Jake Tapper: I thought this Trump letter was a joke … it’s real —CNN

Trump’s Letter To Turkey’s Erdogan Shows President Is ‘Deeply Unwell,’ Says Historian: ‘So Threatening, So Unhinged, So Bizarre’ —Newsweek

Read President Trump’s Bizarre Letter to Turkey’s President —New York magazine

Trump’s Letter To Erdogan Was So ‘Adolescent’ People Thought It Was A Fake —HuffPo

You can see the full makings of a freakout. They’re off their rockers with this one.

As for Trump, all the rest of us can see is that the president remains crazy like a fox.

After all, what better way to address a near-dictator hell-bent on killing Kurds than with a do-this-or-I’ll-beat-the-crap-out-of-you letter of this kind?  It’s actually appropriate, because it’s language a thug like Erdoğan can understand.  What better way to talk to him than with words like this?  Trump leaves the Ankara dictator with no uncertainty as to what Trump wants and what Trump will do, same as a godfather in some place like Howard Beach might get across.  Strongmen respond to strong words, not namby-pamby niceties, and Trump just laid it out for Erdoğan what he’s got to do in language he can understand and what’s going to come down the pike if he doesn’t.  An intractable tyrant isn’t going to negotiate nicely, after all, so New York–style street frankness works better.

What’s more, the tone of the letter was unexpected.  It had the strategic element of surprise.

Trump, of course, is under high political pressure at home, even from Republicans, over the U.S. pullout in Syria, as it’s viewed as harmful to our Kurdish allies who helped fight ISIS.  The press is flooding the airwaves with pictures of Kurdish misery, some actually fake.  The other thing is that not all of the Kurds are U.S. allies; Kurdistan is a big place, and some Kurds are firebomb-happy Marxist terrorists and presumably the ones Erdoğan wants out of the picture.  But there may be some allies caught up in Turkey’s offensive, and as Republicans pile on to Trump and insist on endless war, Trump is telling Erdoğan to get the heck out.

It’s appropriate, and now that all presidential conversations with world leaders are now subject to leaks, heh might as well release it.  It was going to get leaked anyway.

It might just work, given that nothing else works with Erdoğan.  The Turkish president’s staff claim he’s thrown it in the trash, but rest assured: he hasn’t.  Trump has his attention now, and he’s going to try to stop him.

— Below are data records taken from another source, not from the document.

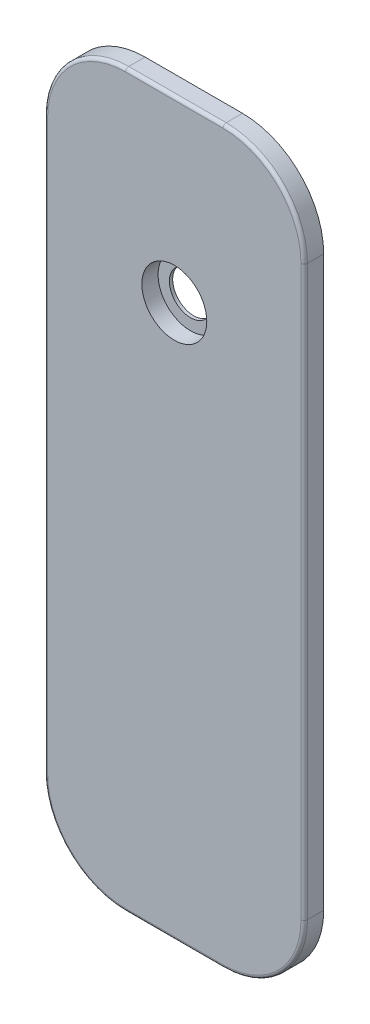
ISO-10303-21;
HEADER;
FILE_DESCRIPTION(('STEP AP214'),'2;1');
FILE_NAME('part.step','',(''),(''),'','','');
FILE_SCHEMA(('AUTOMOTIVE_DESIGN { 1 0 10303 214 1 1 1 1 }'));
ENDSEC;
DATA;
#1=APPLICATION_CONTEXT('core data for automotive mechanical design processes');
#2=APPLICATION_PROTOCOL_DEFINITION('international standard','automotive_design',2000,#1);
#3=PRODUCT_CONTEXT('',#1,'mechanical');
#4=PRODUCT('Part','Part','',(#3));
#5=PRODUCT_RELATED_PRODUCT_CATEGORY('part','',(#4));
#6=PRODUCT_DEFINITION_FORMATION('','',#4);
#7=PRODUCT_DEFINITION_CONTEXT('part definition',#1,'design');
#8=PRODUCT_DEFINITION('design','',#6,#7);
#9=PRODUCT_DEFINITION_SHAPE('','',#8);
#10=(LENGTH_UNIT() NAMED_UNIT(*) SI_UNIT(.MILLI.,.METRE.));
#11=(NAMED_UNIT(*) PLANE_ANGLE_UNIT() SI_UNIT($,.RADIAN.));
#12=(NAMED_UNIT(*) SI_UNIT($,.STERADIAN.) SOLID_ANGLE_UNIT());
#13=UNCERTAINTY_MEASURE_WITH_UNIT(LENGTH_MEASURE(1.E-05),#10,'distance_accuracy_value','');
#14=(GEOMETRIC_REPRESENTATION_CONTEXT(3) GLOBAL_UNCERTAINTY_ASSIGNED_CONTEXT((#13)) GLOBAL_UNIT_ASSIGNED_CONTEXT((#10,
#11,#12)) REPRESENTATION_CONTEXT('',''));
#15=CARTESIAN_POINT('',(0.,0.,0.));
#16=DIRECTION('',(0.,0.,1.));
#17=DIRECTION('',(1.,0.,0.));
#18=AXIS2_PLACEMENT_3D('',#15,#16,#17);
#19=CARTESIAN_POINT('',(0.,57.5,6.));
#20=DIRECTION('',(0.,0.,-1.));
#21=DIRECTION('',(-1.,0.,0.));
#22=AXIS2_PLACEMENT_3D('',#19,#20,#21);
#23=CYLINDRICAL_SURFACE('',#22,6.5);
#24=CARTESIAN_POINT('',(0.,57.5,0.));
#25=DIRECTION('',(0.,0.,1.));
#26=DIRECTION('',(1.,0.,0.));
#27=AXIS2_PLACEMENT_3D('',#24,#25,#26);
#28=CIRCLE('',#27,6.5);
#29=CARTESIAN_POINT('',(6.50000000000001,57.5,0.));
#30=VERTEX_POINT('',#29);
#31=EDGE_CURVE('E152',#30,#30,#28,.T.);
#32=ORIENTED_EDGE('',*,*,#31,.F.);
#33=EDGE_LOOP('',(#32));
#34=FACE_BOUND('',#33,.T.);
#35=CARTESIAN_POINT('',(0.,57.5,1.));
#36=DIRECTION('',(0.,0.,1.));
#37=DIRECTION('',(1.,0.,0.));
#38=AXIS2_PLACEMENT_3D('',#35,#36,#37);
#39=CIRCLE('',#38,6.5);
#40=CARTESIAN_POINT('',(6.50000000000001,57.5,1.));
#41=VERTEX_POINT('',#40);
#42=EDGE_CURVE('E38',#41,#41,#39,.T.);
#43=ORIENTED_EDGE('',*,*,#42,.T.);
#44=EDGE_LOOP('',(#43));
#45=FACE_BOUND('',#44,.T.);
#46=ADVANCED_FACE('F34',(#34,#45),#23,.F.);
#47=CARTESIAN_POINT('',(-15.,-87.5,6.));
#48=DIRECTION('',(0.,0.,-1.));
#49=DIRECTION('',(-1.,0.,0.));
#50=AXIS2_PLACEMENT_3D('',#47,#48,#49);
#51=PLANE('',#50);
#52=CARTESIAN_POINT('',(0.,57.5,6.));
#53=DIRECTION('',(0.,0.,1.));
#54=DIRECTION('',(1.,0.,0.));
#55=AXIS2_PLACEMENT_3D('',#52,#53,#54);
#56=CIRCLE('',#55,10.);
#57=CARTESIAN_POINT('',(10.,57.5,6.));
#58=VERTEX_POINT('',#57);
#59=EDGE_CURVE('E465',#58,#58,#56,.T.);
#60=ORIENTED_EDGE('',*,*,#59,.F.);
#61=EDGE_LOOP('',(#60));
#62=FACE_BOUND('',#61,.T.);
#63=DIRECTION('',(1.,0.,0.));
#64=VECTOR('',#63,1.);
#65=CARTESIAN_POINT('',(-15.,-111.5,6.));
#66=LINE('',#65,#64);
#67=CARTESIAN_POINT('',(-15.,-111.5,6.));
#68=VERTEX_POINT('',#67);
#69=CARTESIAN_POINT('',(15.,-111.5,6.));
#70=VERTEX_POINT('',#69);
#71=EDGE_CURVE('E197',#68,#70,#66,.T.);
#72=ORIENTED_EDGE('',*,*,#71,.T.);
#73=CARTESIAN_POINT('',(15.,-87.5,6.));
#74=DIRECTION('',(0.,0.,-1.));
#75=DIRECTION('',(-1.,0.,0.));
#76=AXIS2_PLACEMENT_3D('',#73,#74,#75);
#77=CIRCLE('',#76,24.);
#78=CARTESIAN_POINT('',(39.,-87.5,6.));
#79=VERTEX_POINT('',#78);
#80=EDGE_CURVE('E199',#70,#79,#77,.F.);
#81=ORIENTED_EDGE('',*,*,#80,.T.);
#82=DIRECTION('',(0.,1.,0.));
#83=VECTOR('',#82,1.);
#84=CARTESIAN_POINT('',(39.,-87.5,6.));
#85=LINE('',#84,#83);
#86=CARTESIAN_POINT('',(39.,87.5,6.));
#87=VERTEX_POINT('',#86);
#88=EDGE_CURVE('E135',#79,#87,#85,.T.);
#89=ORIENTED_EDGE('',*,*,#88,.T.);
#90=CARTESIAN_POINT('',(15.,87.5,6.));
#91=DIRECTION('',(0.,0.,-1.));
#92=DIRECTION('',(-1.,0.,0.));
#93=AXIS2_PLACEMENT_3D('',#90,#91,#92);
#94=CIRCLE('',#93,24.);
#95=CARTESIAN_POINT('',(15.,111.5,6.));
#96=VERTEX_POINT('',#95);
#97=EDGE_CURVE('E187',#87,#96,#94,.F.);
#98=ORIENTED_EDGE('',*,*,#97,.T.);
#99=DIRECTION('',(-1.,0.,0.));
#100=VECTOR('',#99,1.);
#101=CARTESIAN_POINT('',(-15.,111.5,6.));
#102=LINE('',#101,#100);
#103=CARTESIAN_POINT('',(-15.,111.5,6.));
#104=VERTEX_POINT('',#103);
#105=EDGE_CURVE('E189',#96,#104,#102,.T.);
#106=ORIENTED_EDGE('',*,*,#105,.T.);
#107=CARTESIAN_POINT('',(-15.,87.5,6.));
#108=DIRECTION('',(0.,0.,-1.));
#109=DIRECTION('',(-1.,0.,0.));
#110=AXIS2_PLACEMENT_3D('',#107,#108,#109);
#111=CIRCLE('',#110,24.);
#112=CARTESIAN_POINT('',(-39.,87.5,6.));
#113=VERTEX_POINT('',#112);
#114=EDGE_CURVE('E191',#104,#113,#111,.F.);
#115=ORIENTED_EDGE('',*,*,#114,.T.);
#116=DIRECTION('',(0.,-1.,0.));
#117=VECTOR('',#116,1.);
#118=CARTESIAN_POINT('',(-39.,-87.5,6.));
#119=LINE('',#118,#117);
#120=CARTESIAN_POINT('',(-39.,-87.5,6.));
#121=VERTEX_POINT('',#120);
#122=EDGE_CURVE('E193',#113,#121,#119,.T.);
#123=ORIENTED_EDGE('',*,*,#122,.T.);
#124=CARTESIAN_POINT('',(-15.,-87.5,6.));
#125=DIRECTION('',(0.,0.,-1.));
#126=DIRECTION('',(-1.,0.,0.));
#127=AXIS2_PLACEMENT_3D('',#124,#125,#126);
#128=CIRCLE('',#127,24.);
#129=EDGE_CURVE('E195',#121,#68,#128,.F.);
#130=ORIENTED_EDGE('',*,*,#129,.T.);
#131=EDGE_LOOP('',(#72,#81,#89,#98,#106,#115,#123,#130));
#132=FACE_BOUND('',#131,.T.);
#133=ADVANCED_FACE('F261',(#62,#132),#51,.F.);
#134=CARTESIAN_POINT('',(-15.,-87.5,0.));
#135=DIRECTION('',(0.,0.,-1.));
#136=DIRECTION('',(-1.,0.,0.));
#137=AXIS2_PLACEMENT_3D('',#134,#135,#136);
#138=PLANE('',#137);
#139=CARTESIAN_POINT('',(-15.,-87.5,0.));
#140=DIRECTION('',(0.,0.,1.));
#141=DIRECTION('',(-1.,0.,0.));
#142=AXIS2_PLACEMENT_3D('',#139,#140,#141);
#143=CIRCLE('',#142,25.);
#144=CARTESIAN_POINT('',(-40.,-87.5,0.));
#145=VERTEX_POINT('',#144);
#146=CARTESIAN_POINT('',(-15.,-112.5,0.));
#147=VERTEX_POINT('',#146);
#148=EDGE_CURVE('E143',#145,#147,#143,.T.);
#149=ORIENTED_EDGE('',*,*,#148,.F.);
#150=DIRECTION('',(0.,-1.,0.));
#151=VECTOR('',#150,1.);
#152=CARTESIAN_POINT('',(-40.,87.5,0.));
#153=LINE('',#152,#151);
#154=CARTESIAN_POINT('',(-40.,87.5,0.));
#155=VERTEX_POINT('',#154);
#156=EDGE_CURVE('E172',#155,#145,#153,.T.);
#157=ORIENTED_EDGE('',*,*,#156,.F.);
#158=CARTESIAN_POINT('',(-15.,87.5,0.));
#159=DIRECTION('',(0.,0.,1.));
#160=DIRECTION('',(1.,0.,0.));
#161=AXIS2_PLACEMENT_3D('',#158,#159,#160);
#162=CIRCLE('',#161,25.);
#163=CARTESIAN_POINT('',(-15.,112.5,0.));
#164=VERTEX_POINT('',#163);
#165=EDGE_CURVE('E169',#164,#155,#162,.T.);
#166=ORIENTED_EDGE('',*,*,#165,.F.);
#167=DIRECTION('',(-1.,0.,0.));
#168=VECTOR('',#167,1.);
#169=CARTESIAN_POINT('',(15.,112.5,0.));
#170=LINE('',#169,#168);
#171=CARTESIAN_POINT('',(15.,112.5,0.));
#172=VERTEX_POINT('',#171);
#173=EDGE_CURVE('E166',#172,#164,#170,.T.);
#174=ORIENTED_EDGE('',*,*,#173,.F.);
#175=CARTESIAN_POINT('',(15.,87.5,0.));
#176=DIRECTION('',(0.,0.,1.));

It’s talking Turkey.  It may be rough, but rough is good for a thug like Erdoğan.  What’s important in diplomacy is that the message is clear.  Erdoğan now knows the deal.  Too bad the Beltway doesn’t.

So this is where we are now: Donald Trump Triumphant After Successful ‘Tough Love’ Diplomacy with Turkey.

President Donald Trump hailed the ceasefire agreement with Turkey on Thursday, noting that his unconventional approach had brought everything to a peaceful conclusion….

“I guess I’m an unconventional person, I took a lot of heat from a lot of people, even some of the people in my whole party,” Trump said.

Trump said that Turkey had a “legitimate problem” with the Kurds in the 20-mile safe-zone and that his unconventional approach had dislodged previous roadblocks to the deal.

He thanked the Kurds for their patience, saying that they were “incredibly happy with the solution,” as it would help save their lives.

If he doesn’t wish to say in public that he had screwed up, it’s OK with me. But he did screw up and only the uprising from many many Republicans made him see the light. I hope it taught him a lesson, because had he not done what he did, this would have followed him all the way to November next year. In this way, it will be gone in a week.